1 part Mosooned Malabar blended with 2 parts Jagong Village (blend them together yourself & re-bag)

from Rave:

Columbian Suarez

Italian Job. (don't be put off because its so cheap. Its a really good blend & rarely varies)

All are worth trying. Darker coffee without fruit & all best as espresso with/without milk


----------



## Lefteye (Dec 30, 2014)

Mrboots2u said:


> What taste for your coffee are you looking to achieve. Presumably espresso based milk drinks?
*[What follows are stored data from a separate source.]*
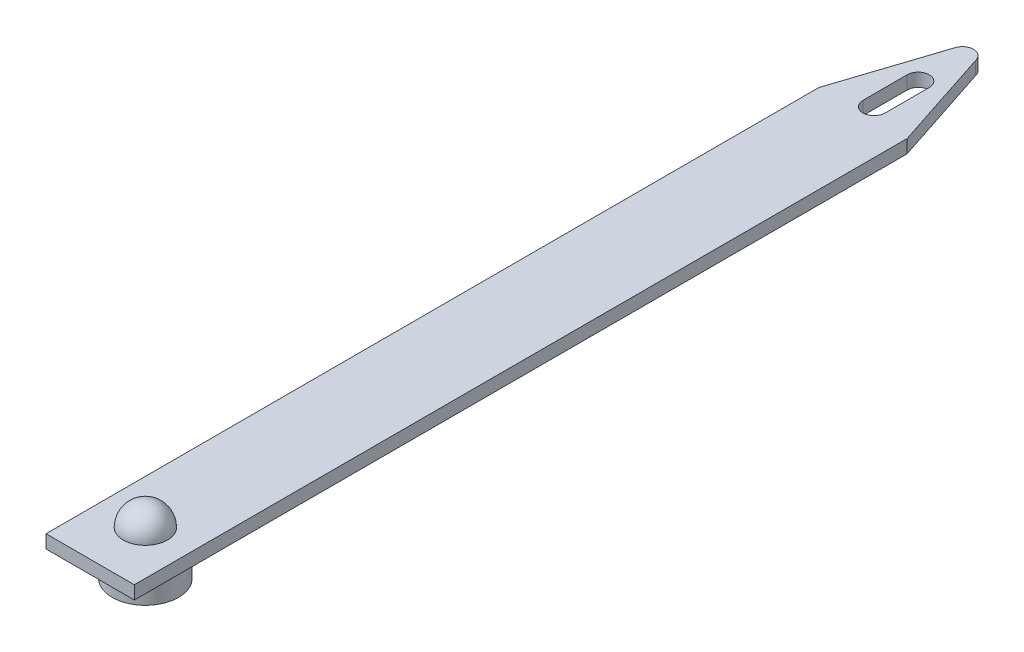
ISO-10303-21;
HEADER;
FILE_DESCRIPTION(('STEP AP214'),'2;1');
FILE_NAME('part.step','',(''),(''),'','','');
FILE_SCHEMA(('AUTOMOTIVE_DESIGN { 1 0 10303 214 1 1 1 1 }'));
ENDSEC;
DATA;
#1=APPLICATION_CONTEXT('core data for automotive mechanical design processes');
#2=APPLICATION_PROTOCOL_DEFINITION('international standard','automotive_design',2000,#1);
#3=PRODUCT_CONTEXT('',#1,'mechanical');
#4=PRODUCT('Part','Part','',(#3));
#5=PRODUCT_RELATED_PRODUCT_CATEGORY('part','',(#4));
#6=PRODUCT_DEFINITION_FORMATION('','',#4);
#7=PRODUCT_DEFINITION_CONTEXT('part definition',#1,'design');
#8=PRODUCT_DEFINITION('design','',#6,#7);
#9=PRODUCT_DEFINITION_SHAPE('','',#8);
#10=(LENGTH_UNIT() NAMED_UNIT(*) SI_UNIT(.MILLI.,.METRE.));
#11=(NAMED_UNIT(*) PLANE_ANGLE_UNIT() SI_UNIT($,.RADIAN.));
#12=(NAMED_UNIT(*) SI_UNIT($,.STERADIAN.) SOLID_ANGLE_UNIT());
#13=UNCERTAINTY_MEASURE_WITH_UNIT(LENGTH_MEASURE(1.E-05),#10,'distance_accuracy_value','');
#14=(GEOMETRIC_REPRESENTATION_CONTEXT(3) GLOBAL_UNCERTAINTY_ASSIGNED_CONTEXT((#13)) GLOBAL_UNIT_ASSIGNED_CONTEXT((#10,
#11,#12)) REPRESENTATION_CONTEXT('',''));
#15=CARTESIAN_POINT('',(0.,0.,0.));
#16=DIRECTION('',(0.,0.,1.));
#17=DIRECTION('',(1.,0.,0.));
#18=AXIS2_PLACEMENT_3D('',#15,#16,#17);
#19=CARTESIAN_POINT('',(0.,0.,-20.));
#20=DIRECTION('',(0.,-1.,0.));
#21=DIRECTION('',(0.,0.,-1.));
#22=AXIS2_PLACEMENT_3D('',#19,#20,#21);
#23=PLANE('',#22);
#24=DIRECTION('',(0.311256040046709,0.,-0.950326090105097));
#25=VECTOR('',#24,1.);
#26=CARTESIAN_POINT('',(-7.28610313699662,0.,7.24591016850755));
#27=LINE('',#26,#25);
#28=CARTESIAN_POINT('',(0.,0.,-15.));
#29=VERTEX_POINT('',#28);
#30=CARTESIAN_POINT('',(1.52483695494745,0.,-19.6556280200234));
#31=VERTEX_POINT('',#30);
#32=EDGE_CURVE('E216',#29,#31,#27,.T.);
#33=ORIENTED_EDGE('',*,*,#32,.T.);
#34=CARTESIAN_POINT('',(2.,0.,-19.5));
#35=DIRECTION('',(0.,1.,0.));
#36=DIRECTION('',(0.,0.,1.));
#37=AXIS2_PLACEMENT_3D('',#34,#35,#36);
#38=CIRCLE('',#37,0.5);
#39=CARTESIAN_POINT('',(2.4903123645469,0.,-19.5979478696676));
#40=VERTEX_POINT('',#39);
#41=EDGE_CURVE('E231',#40,#31,#38,.T.);
#42=ORIENTED_EDGE('',*,*,#41,.F.);
#43=DIRECTION('',(-0.311954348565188,0.,-0.95009709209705));
#44=VECTOR('',#43,1.);
#45=CARTESIAN_POINT('',(5.1945609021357,0.,-11.3618111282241));
#46=LINE('',#45,#44);
#47=CARTESIAN_POINT('',(4.,0.,-15.));
#48=VERTEX_POINT('',#47);
#49=EDGE_CURVE('E233',#48,#40,#46,.T.);
#50=ORIENTED_EDGE('',*,*,#49,.F.);
#51=DIRECTION('',(0.,0.,1.));
#52=VECTOR('',#51,1.);
#53=CARTESIAN_POINT('',(4.,0.,-20.));
#54=LINE('',#53,#52);
#55=CARTESIAN_POINT('',(4.,0.,20.));
#56=VERTEX_POINT('',#55);
#57=EDGE_CURVE('E256',#48,#56,#54,.T.);
#58=ORIENTED_EDGE('',*,*,#57,.T.);
#59=DIRECTION('',(1.,0.,0.));
#60=VECTOR('',#59,1.);
#61=CARTESIAN_POINT('',(0.,0.,20.));
#62=LINE('',#61,#60);
#63=CARTESIAN_POINT('',(0.,0.,20.));
#64=VERTEX_POINT('',#63);
#65=EDGE_CURVE('E247',#64,#56,#62,.T.);
#66=ORIENTED_EDGE('',*,*,#65,.F.);
#67=DIRECTION('',(0.,0.,1.));
#68=VECTOR('',#67,1.);
#69=CARTESIAN_POINT('',(0.,0.,-20.));
#70=LINE('',#69,#68);
#71=EDGE_CURVE('E107',#29,#64,#70,.T.);
#72=ORIENTED_EDGE('',*,*,#71,.F.);
#73=EDGE_LOOP('',(#33,#42,#50,#58,#66,#72));
#74=FACE_BOUND('',#73,.T.);
#75=CARTESIAN_POINT('',(2.,0.,-17.5));
#76=DIRECTION('',(0.,1.,0.));
#77=DIRECTION('',(0.,0.,1.));
#78=AXIS2_PLACEMENT_3D('',#75,#76,#77);
#79=CIRCLE('',#78,0.5);
#80=CARTESIAN_POINT('',(2.5,0.,-17.5));
#81=VERTEX_POINT('',#80);
#82=CARTESIAN_POINT('',(1.5,0.,-17.5));
#83=VERTEX_POINT('',#82);
#84=EDGE_CURVE('E189',#81,#83,#79,.T.);
#85=ORIENTED_EDGE('',*,*,#84,.T.);
#86=DIRECTION('',(0.,0.,-1.));
#87=VECTOR('',#86,1.);
#88=CARTESIAN_POINT('',(1.5,0.,0.));
#89=LINE('',#88,#87);
#90=CARTESIAN_POINT('',(1.5,0.,-15.5));
#91=VERTEX_POINT('',#90);
#92=EDGE_CURVE('E181',#91,#83,#89,.T.);
#93=ORIENTED_EDGE('',*,*,#92,.F.);
#94=CARTESIAN_POINT('',(2.,0.,-15.5));
#95=DIRECTION('',(0.,1.,0.));
#96=DIRECTION('',(0.,0.,1.));
#97=AXIS2_PLACEMENT_3D('',#94,#95,#96);
#98=CIRCLE('',#97,0.5);
#99=CARTESIAN_POINT('',(2.5,0.,-15.5));
#100=VERTEX_POINT('',#99);
#101=EDGE_CURVE('E128',#91,#100,#98,.T.);
#102=ORIENTED_EDGE('',*,*,#101,.T.);
#103=DIRECTION('',(0.,0.,-1.));
#104=VECTOR('',#103,1.);
#105=CARTESIAN_POINT('',(2.5,0.,0.));
#106=LINE('',#105,#104);
#107=EDGE_CURVE('E194',#100,#81,#106,.T.);
#108=ORIENTED_EDGE('',*,*,#107,.T.);
#109=EDGE_LOOP('',(#85,#93,#102,#108));
#110=FACE_BOUND('',#109,.T.);
#111=CARTESIAN_POINT('',(2.,0.,17.5));
#112=DIRECTION('',(0.,-1.,0.));
#113=DIRECTION('',(0.,0.,-1.));
#114=AXIS2_PLACEMENT_3D('',#111,#112,#113);
#115=CIRCLE('',#114,1.5);
#116=CARTESIAN_POINT('',(2.,0.,16.));
#117=VERTEX_POINT('',#116);
#118=EDGE_CURVE('E424',#117,#117,#115,.T.);
#119=ORIENTED_EDGE('',*,*,#118,.F.);
#120=EDGE_LOOP('',(#119));
#121=FACE_BOUND('',#120,.T.);
#122=ADVANCED_FACE('F103',(#74,#110,#121),#23,.T.);
#123=CARTESIAN_POINT('',(0.,0.6,-20.));
#124=DIRECTION('',(0.,1.,0.));
#125=DIRECTION('',(0.,0.,1.));
#126=AXIS2_PLACEMENT_3D('',#123,#124,#125);
#127=PLANE('',#126);
#128=CARTESIAN_POINT('',(2.,0.6,-19.5));
#129=DIRECTION('',(0.,1.,0.));
#130=DIRECTION('',(0.,0.,1.));
#131=AXIS2_PLACEMENT_3D('',#128,#129,#130);
#132=CIRCLE('',#131,0.5);
#133=CARTESIAN_POINT('',(2.4903123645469,0.6,-19.5979478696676));
#134=VERTEX_POINT('',#133);
#135=CARTESIAN_POINT('',(1.52483695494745,0.6,-19.6556280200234));
#136=VERTEX_POINT('',#135);
#137=EDGE_CURVE('E228',#134,#136,#132,.T.);
#138=ORIENTED_EDGE('',*,*,#137,.T.);
#139=DIRECTION('',(0.311256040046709,0.,-0.950326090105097));
#140=VECTOR('',#139,1.);
#141=CARTESIAN_POINT('',(-7.28610313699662,0.6,7.24591016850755));
#142=LINE('',#141,#140);
#143=CARTESIAN_POINT('',(0.,0.6,-15.));
#144=VERTEX_POINT('',#143);
#145=EDGE_CURVE('E222',#144,#136,#142,.T.);
#146=ORIENTED_EDGE('',*,*,#145,.F.);
#147=DIRECTION('',(0.,0.,1.));
#148=VECTOR('',#147,1.);
#149=CARTESIAN_POINT('',(0.,0.6,-20.));
#150=LINE('',#149,#148);
#151=CARTESIAN_POINT('',(0.,0.6,20.));
#152=VERTEX_POINT('',#151);
#153=EDGE_CURVE('E12',#144,#152,#150,.T.);
#154=ORIENTED_EDGE('',*,*,#153,.T.);
#155=DIRECTION('',(-1.,0.,0.));
#156=VECTOR('',#155,1.);
#157=CARTESIAN_POINT('',(0.,0.6,20.));
#158=LINE('',#157,#156);
#159=CARTESIAN_POINT('',(4.,0.6,20.));
#160=VERTEX_POINT('',#159);
#161=EDGE_CURVE('E253',#160,#152,#158,.T.);
#162=ORIENTED_EDGE('',*,*,#161,.F.);
#163=DIRECTION('',(0.,0.,1.));
#164=VECTOR('',#163,1.);
#165=CARTESIAN_POINT('',(4.,0.6,-20.));
#166=LINE('',#165,#164);
#167=CARTESIAN_POINT('',(4.,0.6,-15.));
#168=VERTEX_POINT('',#167);
#169=EDGE_CURVE('E112',#168,#160,#166,.T.);
#170=ORIENTED_EDGE('',*,*,#169,.F.);
#171=DIRECTION('',(-0.311954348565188,0.,-0.95009709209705));
#172=VECTOR('',#171,1.);
#173=CARTESIAN_POINT('',(5.1945609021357,0.6,-11.3618111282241));
#174=LINE('',#173,#172);
#175=EDGE_CURVE('E234',#168,#134,#174,.T.);
#176=ORIENTED_EDGE('',*,*,#175,.T.);
#177=EDGE_LOOP('',(#138,#146,#154,#162,#170,#176));
#178=FACE_BOUND('',#177,.T.);
#179=CARTESIAN_POINT('',(2.,0.6,-17.5));
#180=DIRECTION('',(0.,1.,0.));
#181=DIRECTION('',(0.,0.,1.));
#182=AXIS2_PLACEMENT_3D('',#179,#180,#181);
#183=CIRCLE('',#182,0.5);
#184=CARTESIAN_POINT('',(2.5,0.6,-17.5));
#185=VERTEX_POINT('',#184);
#186=CARTESIAN_POINT('',(1.5,0.6,-17.5));
#187=VERTEX_POINT('',#186);
#188=EDGE_CURVE('E120',#185,#187,#183,.T.);
#189=ORIENTED_EDGE('',*,*,#188,.F.);
#190=DIRECTION('',(0.,0.,-1.));
#191=VECTOR('',#190,1.);
#192=CARTESIAN_POINT('',(2.5,0.6,0.));
#193=LINE('',#192,#191);
#194=CARTESIAN_POINT('',(2.5,0.6,-15.5));
#195=VERTEX_POINT('',#194);
#196=EDGE_CURVE('E198',#195,#185,#193,.T.);
#197=ORIENTED_EDGE('',*,*,#196,.F.);
#198=CARTESIAN_POINT('',(2.,0.6,-15.5));
#199=DIRECTION('',(0.,1.,0.));
#200=DIRECTION('',(0.,0.,1.));
#201=AXIS2_PLACEMENT_3D('',#198,#199,#200);
#202=CIRCLE('',#201,0.5);
#203=CARTESIAN_POINT('',(1.5,0.6,-15.5));
#204=VERTEX_POINT('',#203);
#205=EDGE_CURVE('E201',#204,#195,#202,.T.);
#206=ORIENTED_EDGE('',*,*,#205,.F.);
#207=DIRECTION('',(0.,0.,-1.));
#208=VECTOR('',#207,1.);
#209=CARTESIAN_POINT('',(1.5,0.6,0.));
#210=LINE('',#209,#208);
#211=EDGE_CURVE('E210',#204,#187,#210,.T.);
#212=ORIENTED_EDGE('',*,*,#211,.T.);
#213=EDGE_LOOP('',(#189,#197,#206,#212));
#214=FACE_BOUND('',#213,.T.);
#215=CARTESIAN_POINT('',(2.,0.6,17.5));
#216=DIRECTION('',(0.,1.,0.));
#217=DIRECTION('',(0.,0.,1.));
#218=AXIS2_PLACEMENT_3D('',#215,#216,#217);
#219=CIRCLE('',#218,1.);
#220=CARTESIAN_POINT('',(2.,0.6,18.5));
#221=VERTEX_POINT('',#220);
#222=EDGE_CURVE('E204',#221,#221,#219,.T.);
#223=ORIENTED_EDGE('',*,*,#222,.F.);
#224=EDGE_LOOP('',(#223));
#225=FACE_BOUND('',#224,.T.);
#226=ADVANCED_FACE('F273',(#178,#214,#225),#127,.T.);
#227=CARTESIAN_POINT('',(4.,0.,-20.));
#228=DIRECTION('',(1.,0.,0.));
#229=DIRECTION('',(0.,0.,-1.));
#230=AXIS2_PLACEMENT_3D('',#227,#228,#229);
#231=PLANE('',#230);
#232=ORIENTED_EDGE('',*,*,#57,.F.);
#233=DIRECTION('',(0.,1.,0.));
#234=VECTOR('',#233,1.);
#235=CARTESIAN_POINT('',(4.,0.,-15.));
#236=LINE('',#235,#234);
#237=EDGE_CURVE('E240',#48,#168,#236,.T.);
#238=ORIENTED_EDGE('',*,*,#237,.T.);
#239=ORIENTED_EDGE('',*,*,#169,.T.);
#240=DIRECTION('',(0.,1.,0.));
#241=VECTOR('',#240,1.);
#242=CARTESIAN_POINT('',(4.,0.,20.));
#243=LINE('',#242,#241);
#244=EDGE_CURVE('E250',#56,#160,#243,.T.);
#245=ORIENTED_EDGE('',*,*,#244,.F.);
#246=EDGE_LOOP('',(#232,#238,#239,#245));
#247=FACE_BOUND('',#246,.T.);
#248=ADVANCED_FACE('F287',(#247),#231,.T.);
#249=CARTESIAN_POINT('',(0.,0.,-20.));
#250=DIRECTION('',(-1.,0.,0.));
#251=DIRECTION('',(0.,0.,1.));
#252=AXIS2_PLACEMENT_3D('',#249,#250,#251);
#253=PLANE('',#252);
#254=DIRECTION('',(0.,1.,0.));
#255=VECTOR('',#254,1.);
#256=CARTESIAN_POINT('',(0.,0.,-15.));
#257=LINE('',#256,#255);
#258=EDGE_CURVE('E220',#29,#144,#257,.T.);
#259=ORIENTED_EDGE('',*,*,#258,.F.);
#260=ORIENTED_EDGE('',*,*,#71,.T.);
#261=DIRECTION('',(0.,-1.,0.));
#262=VECTOR('',#261,1.);
#263=CARTESIAN_POINT('',(0.,0.,20.));
#264=LINE('',#263,#262);
#265=EDGE_CURVE('E243',#152,#64,#264,.T.);
#266=ORIENTED_EDGE('',*,*,#265,.F.);
#267=ORIENTED_EDGE('',*,*,#153,.F.);
#268=EDGE_LOOP('',(#259,#260,#266,#267));
#269=FACE_BOUND('',#268,.T.);
#270=ADVANCED_FACE('F265',(#269),#253,.T.);
#271=CARTESIAN_POINT('',(0.,0.6,20.));
#272=DIRECTION('',(0.,0.,-1.));
#273=DIRECTION('',(-1.,0.,0.));
#274=AXIS2_PLACEMENT_3D('',#271,#272,#273);
#275=PLANE('',#274);
#276=ORIENTED_EDGE('',*,*,#265,.T.);
#277=ORIENTED_EDGE('',*,*,#65,.T.);
#278=ORIENTED_EDGE('',*,*,#244,.T.);
#279=ORIENTED_EDGE('',*,*,#161,.T.);
#280=EDGE_LOOP('',(#276,#277,#278,#279));
#281=FACE_BOUND('',#280,.T.);
#282=ADVANCED_FACE('F269',(#281),#275,.F.);
#283=CARTESIAN_POINT('',(2.,0.,-19.5));
#284=DIRECTION('',(0.,1.,0.));
#285=DIRECTION('',(0.,0.,1.));
#286=AXIS2_PLACEMENT_3D('',#283,#284,#285);
#287=CYLINDRICAL_SURFACE('',#286,0.5);
#288=ORIENTED_EDGE('',*,*,#137,.F.);
#289=DIRECTION('',(0.,1.,0.));
#290=VECTOR('',#289,1.);
#291=CARTESIAN_POINT('',(2.4903123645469,0.,-19.5979478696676));
#292=LINE('',#291,#290);
#293=EDGE_CURVE('E236',#40,#134,#292,.T.);
#294=ORIENTED_EDGE('',*,*,#293,.F.);
#295=ORIENTED_EDGE('',*,*,#41,.T.);
#296=DIRECTION('',(0.,1.,0.));
#297=VECTOR('',#296,1.);
#298=CARTESIAN_POINT('',(1.52483695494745,0.,-19.6556280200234));
#299=LINE('',#298,#297);
#300=EDGE_CURVE('E223',#31,#136,#299,.T.);
#301=ORIENTED_EDGE('',*,*,#300,.T.);
#302=EDGE_LOOP('',(#288,#294,#295,#301));
#303=FACE_BOUND('',#302,.T.);
#304=ADVANCED_FACE('F283',(#303),#287,.T.);
#305=CARTESIAN_POINT('',(5.1945609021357,0.,-11.3618111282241));
#306=DIRECTION('',(0.95009709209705,0.,-0.311954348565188));
#307=DIRECTION('',(-0.311954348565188,0.,-0.95009709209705));
#308=AXIS2_PLACEMENT_3D('',#305,#306,#307);
#309=PLANE('',#308);
#310=ORIENTED_EDGE('',*,*,#175,.F.);
#311=ORIENTED_EDGE('',*,*,#237,.F.);
#312=ORIENTED_EDGE('',*,*,#49,.T.);
#313=ORIENTED_EDGE('',*,*,#293,.T.);
#314=EDGE_LOOP('',(#310,#311,#312,#313));
#315=FACE_BOUND('',#314,.T.);
#316=ADVANCED_FACE('F285',(#315),#309,.T.);
#317=CARTESIAN_POINT('',(-7.28610313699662,0.,7.24591016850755));
#318=DIRECTION('',(0.950326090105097,0.,0.311256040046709));
#319=DIRECTION('',(0.311256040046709,0.,-0.950326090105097));
#320=AXIS2_PLACEMENT_3D('',#317,#318,#319);
#321=PLANE('',#320);
#322=ORIENTED_EDGE('',*,*,#145,.T.);
#323=ORIENTED_EDGE('',*,*,#300,.F.);
#324=ORIENTED_EDGE('',*,*,#32,.F.);
#325=ORIENTED_EDGE('',*,*,#258,.T.);
#326=EDGE_LOOP('',(#322,#323,#324,#325));
#327=FACE_BOUND('',#326,.T.);
#328=ADVANCED_FACE('F279',(#327),#321,.F.);
#329=CARTESIAN_POINT('',(2.,0.,-17.5));
#330=DIRECTION('',(0.,1.,0.));
#331=DIRECTION('',(0.,0.,1.));
#332=AXIS2_PLACEMENT_3D('',#329,#330,#331);
#333=CYLINDRICAL_SURFACE('',#332,0.5);
#334=ORIENTED_EDGE('',*,*,#188,.T.);
#335=DIRECTION('',(0.,1.,0.));
#336=VECTOR('',#335,1.);
#337=CARTESIAN_POINT('',(1.5,0.,-17.5));
#338=LINE('',#337,#336);
#339=EDGE_CURVE('E184',#83,#187,#338,.T.);
#340=ORIENTED_EDGE('',*,*,#339,.F.);
#341=ORIENTED_EDGE('',*,*,#84,.F.);
#342=DIRECTION('',(0.,1.,0.));
#343=VECTOR('',#342,1.);
#344=CARTESIAN_POINT('',(2.5,0.,-17.5));
#345=LINE('',#344,#343);
#346=EDGE_CURVE('E214',#81,#185,#345,.T.);
#347=ORIENTED_EDGE('',*,*,#346,.T.);
#348=EDGE_LOOP('',(#334,#340,#341,#347));
#349=FACE_BOUND('',#348,.T.);
#350=ADVANCED_FACE('F192',(#349),#333,.F.);
#351=CARTESIAN_POINT('',(2.5,0.,0.));
#352=DIRECTION('',(1.,0.,0.));
#353=DIRECTION('',(0.,0.,-1.));
#354=AXIS2_PLACEMENT_3D('',#351,#352,#353);
#355=PLANE('',#354);
#356=ORIENTED_EDGE('',*,*,#196,.T.);
#357=ORIENTED_EDGE('',*,*,#346,.F.);
#358=ORIENTED_EDGE('',*,*,#107,.F.);
#359=DIRECTION('',(0.,1.,0.));
#360=VECTOR('',#359,1.);
#361=CARTESIAN_POINT('',(2.5,0.,-15.5));
#362=LINE('',#361,#360);
#363=EDGE_CURVE('E217',#100,#195,#362,.T.);
#364=ORIENTED_EDGE('',*,*,#363,.T.);
#365=EDGE_LOOP('',(#356,#357,#358,#364));
#366=FACE_BOUND('',#365,.T.);
#367=ADVANCED_FACE('F346',(#366),#355,.F.);
#368=CARTESIAN_POINT('',(2.,0.,-15.5));
#369=DIRECTION('',(0.,1.,0.));
#370=DIRECTION('',(0.,0.,1.));
#371=AXIS2_PLACEMENT_3D('',#368,#369,#370);
#372=CYLINDRICAL_SURFACE('',#371,0.5);
#373=ORIENTED_EDGE('',*,*,#205,.T.);
#374=ORIENTED_EDGE('',*,*,#363,.F.);
#375=ORIENTED_EDGE('',*,*,#101,.F.);
#376=DIRECTION('',(0.,1.,0.));
#377=VECTOR('',#376,1.);
#378=CARTESIAN_POINT('',(1.5,0.,-15.5));
#379=LINE('',#378,#377);
#380=EDGE_CURVE('E186',#91,#204,#379,.T.);
#381=ORIENTED_EDGE('',*,*,#380,.T.);
#382=EDGE_LOOP('',(#373,#374,#375,#381));
#383=FACE_BOUND('',#382,.T.);
#384=ADVANCED_FACE('F349',(#383),#372,.F.);
#385=CARTESIAN_POINT('',(1.5,0.,0.));
#386=DIRECTION('',(1.,0.,0.));
#387=DIRECTION('',(0.,0.,-1.));
#388=AXIS2_PLACEMENT_3D('',#385,#386,#387);
#389=PLANE('',#388);
#390=ORIENTED_EDGE('',*,*,#211,.F.);
#391=ORIENTED_EDGE('',*,*,#380,.F.);
#392=ORIENTED_EDGE('',*,*,#92,.T.);
#393=ORIENTED_EDGE('',*,*,#339,.T.);
#394=EDGE_LOOP('',(#390,#391,#392,#393));
#395=FACE_BOUND('',#394,.T.);
#396=ADVANCED_FACE('F183',(#395),#389,.T.);
#397=CARTESIAN_POINT('',(2.,0.6,17.5));
#398=DIRECTION('',(0.,0.,1.));
#399=DIRECTION('',(1.,0.,0.));
#400=AXIS2_PLACEMENT_3D('',#397,#398,#399);
#401=SPHERICAL_SURFACE('',#400,1.);
#402=CARTESIAN_POINT('',(2.,0.6,17.5));
#403=DIRECTION('',(0.,1.,0.));
#404=DIRECTION('',(0.,0.,1.));
#405=AXIS2_PLACEMENT_3D('',#402,#403,#404);
#406=SPHERICAL_SURFACE('',#405,1.);
#407=ORIENTED_EDGE('',*,*,#222,.T.);
#408=EDGE_LOOP('',(#407));
#409=FACE_BOUND('',#408,.T.);
#410=ADVANCED_FACE('F105',(#409),#406,.T.);
#411=CARTESIAN_POINT('',(2.,-1.4,17.5));
#412=DIRECTION('',(0.,1.,0.));
#413=DIRECTION('',(0.,0.,1.));
#414=AXIS2_PLACEMENT_3D('',#411,#412,#413);
#415=CYLINDRICAL_SURFACE('',#414,1.5);
#416=CARTESIAN_POINT('',(2.,-1.4,17.5));
#417=DIRECTION('',(0.,-1.,0.));
#418=DIRECTION('',(0.,0.,-1.));
#419=AXIS2_PLACEMENT_3D('',#416,#417,#418);
#420=CIRCLE('',#419,1.5);
#421=CARTESIAN_POINT('',(2.,-1.4,16.));
#422=VERTEX_POINT('',#421);
#423=EDGE_CURVE('E423',#422,#422,#420,.T.);
#424=ORIENTED_EDGE('',*,*,#423,.F.);
#425=EDGE_LOOP('',(#424));
#426=FACE_BOUND('',#425,.T.);
#427=ORIENTED_EDGE('',*,*,#118,.T.);
#428=EDGE_LOOP('',(#427));
#429=FACE_BOUND('',#428,.T.);
#430=ADVANCED_FACE('F317',(#426,#429),#415,.T.);
#431=CARTESIAN_POINT('',(2.,-1.4,17.5));
#432=DIRECTION('',(0.,-1.,0.));
#433=DIRECTION('',(0.,0.,-1.));
#434=AXIS2_PLACEMENT_3D('',#431,#432,#433);
#435=PLANE('',#434);
#436=ORIENTED_EDGE('',*,*,#423,.T.);
#437=EDGE_LOOP('',(#436));
#438=FACE_BOUND('',#437,.T.);
#439=ADVANCED_FACE('F327',(#438),#435,.T.);
#440=CLOSED_SHELL('',(#122,#226,#248,#270,#282,#304,#316,#328,#350,#367,#384,#396,#410,#430,#439));
#441=MANIFOLD_SOLID_BREP('B2',#440);
#442=ADVANCED_BREP_SHAPE_REPRESENTATION('',(#18,#441),#14);
#443=SHAPE_DEFINITION_REPRESENTATION(#9,#442);
ENDSEC;
END-ISO-10303-21;

Well usually I go for fruit and funk in light roast but fancy a nice smooth nut/choc style roast.


----------



## Lefteye (Dec 30, 2014)

ronsil said:


> from Coffee Compass:
> 
> Malabar Hit
> 
> ...


cheers ron. The coffee compass stud I've had (can't honestly remember what) have always been a bit toasty for me but I may try the rave. You're right re Italian job. Always put off as cheap but should try it as it seems popular.


----------



## Lefteye (Dec 30, 2014)

Thanks all for the suggestions. I should have said mainly milk based but the occasional pure espresso with these


----------



## Mrboots2u (May 10, 2013)

I don't understand what smooth tastes like .... it's used alot on here but in terms of taste, what is it people are wanting from smooth ?

No acidity? Mouthfeel ? If drink in milk then the mouthfeel is isnt gonna be a factor , as the milk provides that.


----------



## caffeinejunkie (May 29, 2017)

Has anyone tried the dark blend of Clifton's E1 Project?


----------



## Lefteye (Dec 30, 2014)

I class smooth as not citrus and sharp or bright. Yes milk changes the mouth feel but you still get citrus and slight acidity cutting through. I like my light roasts for those characteristics. I guess I want a hug in a mug - an easy going drink with chocolate and nuts but a richer overall flavour.


----------



## Tewdric (Apr 20, 2014)

The two reliable standout medium/dark blends for me are Rave Signature and Union Revelation. Both make gorgeous espresso and can be stunning in milk. Easy to extract, and in Rave's case, astonishing value. I buy 2 kg at a time for my everyday drink. Rev is very smooth, nutty and chocolaty, Signature is hazelnuts and chocolate with pronounced amaretto almond if extracted well, although with a slightly salty edge in current incarnations.


----------



## Deansie26 (Jan 16, 2017)

I second Malabar hit, is our favourite at the minute, so nice. Recently tried a dark roast called Mocha Italia from CC, would put hairs on your chest lol. To harsh for me, is in the freezer for emergencies


----------



## Beanedict (Aug 14, 2017)

I viewed smooth as the opposite from citrus, sour, vegetable on the SCA wheel which is spices, nutty, sweet. But I can see @Mrboots2u point, it's not the taste, it how it makes you feel


----------